Cuando Sara tomó esa foto «estaba con dos buenas amigas, contándonos cómo había ido el día, desahogándonos cada una con sus problemas cotidianos, riéndonos (mucho) por cosas absurdas y planificando una cena para el día siguiente a base de recetas saludables. No era una mañana especial o eso creía yo. Nos despedimos como todos los días, cada una subió a su coche y puso la misma canción, de la que habíamos hablado un rato antes porque no había manera de sacárnosla de la cabeza (“pero si le suena la canción, le da una depresión tonta…”). Nos mandamos un audio, nos volvimos a reír. Cada una se fue al cole a por los niños y hasta el día siguiente, pensamos».

«Esta tarde una de estas amigas me ha escrito un mensaje para decirme que tenía un regalo para mí, que me lo dejaba en el portal. Con guantes y mascarilla he bajado a buscarlo, ella ya estaba en el coche. Apenas nos hemos despedido con la mano y una sonrisa de “ya queda menos”. He cerrado la puerta y ahí en la escalera, un ramo de camelias recién cortado de su jardín para acercarme un poquito la primavera y de paso recordarme que hace unos días que llegó. Porque no sé si os pasa también a vosotros pero yo últimamente no sé en qué día vivo», detallaba.
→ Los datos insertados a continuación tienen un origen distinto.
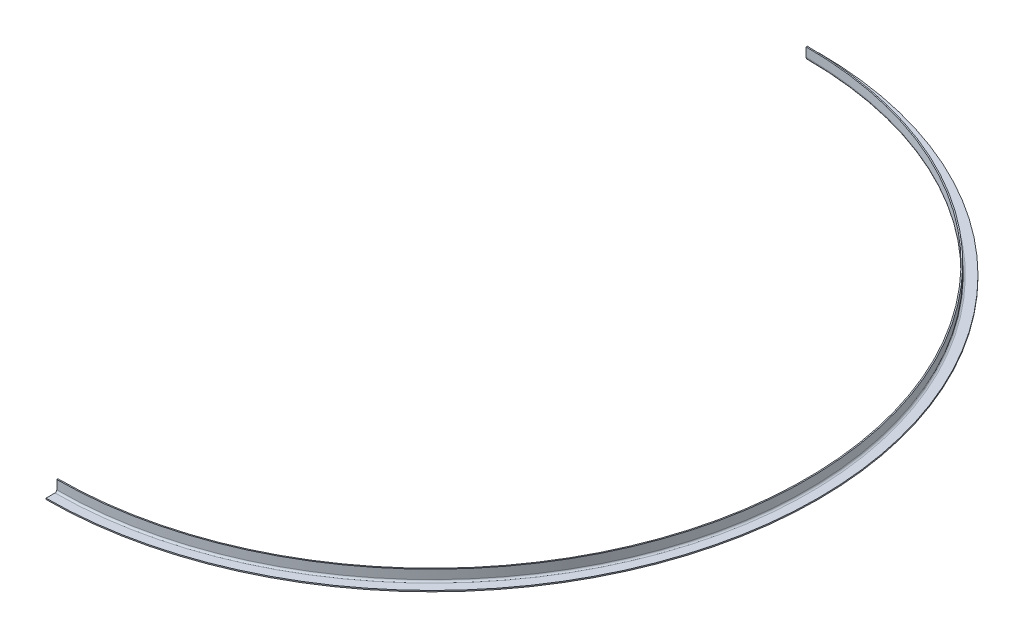
from build123d import *

# Parameters (mm, degrees)
BASE_FLANGE1_DEPTH   = 4
EDGE_FLANGE1_ANGLE   = 180
EDGE_FLANGE1_2_ANGLE = 180


# Read off the part's stored shape, not the designer's step: Edge-Flange1
# Sheet-metal steps are written as plain solids
with BuildPart() as part:
    # Sketch1 → Base-Flange1 (new body)
    with BuildSketch(Plane(origin=(0, 0, 0), x_dir=(1, 0, 0), z_dir=(0, 1, 0))):
        with BuildLine():
            Line((0, 1290), (0, 1250))
            ThreePointArc((0, 1250), (1250, 0), (0, -1250))
            Line((0, -1250), (0, -1290))
            ThreePointArc((0, -1290), (1290, 0), (0, 1290))
        make_face()
    extrude(amount=-BASE_FLANGE1_DEPTH)

    # Edge-Flange1 outline → Edge-Flange1 (revolve, cut)
    with BuildSketch(Plane.ZY):
        with BuildLine():
            Line((1252, 0), (1250, 0))
            Line((1250, 0), (1250, -4))
            Line((1250, -4), (1260, -4))
            ThreePointArc((1260, -4), (1255.527864045, -2.94427191), (1252, 0))
        make_face()
    revolve(axis=Axis((0, 0, 0), (0, 1, 0)), revolution_arc=EDGE_FLANGE1_ANGLE, mode=Mode.SUBTRACT)

    # Edge-Flange1 2 outline → Edge-Flange1 2 (revolve)
    with BuildSketch(Plane.ZY):
        with BuildLine():
            Line((1254, 36), (1250, 36))
            Line((1250, 36), (1250, 6))
            ThreePointArc((1250, 6), (1250.513167019, 2.83772234), (1252, 0))
            Line((1252, 0), (1260, 0))
            ThreePointArc((1260, 0), (1255.757359313, 1.757359313), (1254, 6))
            Line((1254, 6), (1254, 36))
        make_face()
    revolve(axis=Axis((0, 0, 0), (0, 1, 0)), revolution_arc=EDGE_FLANGE1_2_ANGLE)


solid = part.part

«Al ponerlas en agua he seguido pensando en ese último sorbo de mi carioca de limón, en que debía haberlo saboreado de otra manera (…) porque quizá fue la última que compartí con esta amiga que está a punto de ser mamá, antes de que nazca su bebé dentro de unos días. Mientras colocaba el jarrón he sentido una profunda sensación de añoranza, de algo que yo consideraba cotidiano, “normal” y corriente: Tres amigas, un café, nuestro rincón, un sillón amarillo bastante incómodo, música de fondo y una terapia de risas que cambiaba por completo mis días. Y entonces he caído en que lo que yo pensaba que era rutina, en realidad era vivir». Este relato refleja por completo cómo funcionan los pensamientos más íntimos de Sara. Una mujer que valora cada día más los pequeños detalles de la vida.

La importancia de las cosas pequeñas

Otra de sus recientes publicaciones tuvo lugar en su cumleaños. Sara explicaba el significado de «KAMA MUTA». Se trata de un «término que proviene del sánscrito y que significa literalmente “conmoverse, llenarse de amor o admiración” que conoce gracias a una persona de su entorno «que se ha convertido en imprescindible en mi vida».

La empresaria detalla que el Kama Muta «es la emoción universal más intensa, porque define ese instante en el que nos sentimos tan llenos de afecto, de sorpresa o admiración hacia algo o alguien que no tardan en asomar las lágrimas en nuestros ojos. Puede ser una canción, un grupo de personas, un atardecer, la boda de unos amigos, el nacimiento de un niño, un sabor o incluso un aroma lo que nos transporte a ese instante de felicidad absoluta».

Ahora, Sara admite que es capaz de identificar esa emoción «en las pequeñas cosas, todos los días, intento que no pase un solo día sin sentirlo. Como hoy, mientras leía todas las felicitaciones por mis 36 en un año en el que cumplirlos ha sido el mejor regalo posible. Gracias por tanto cariño e inspiración».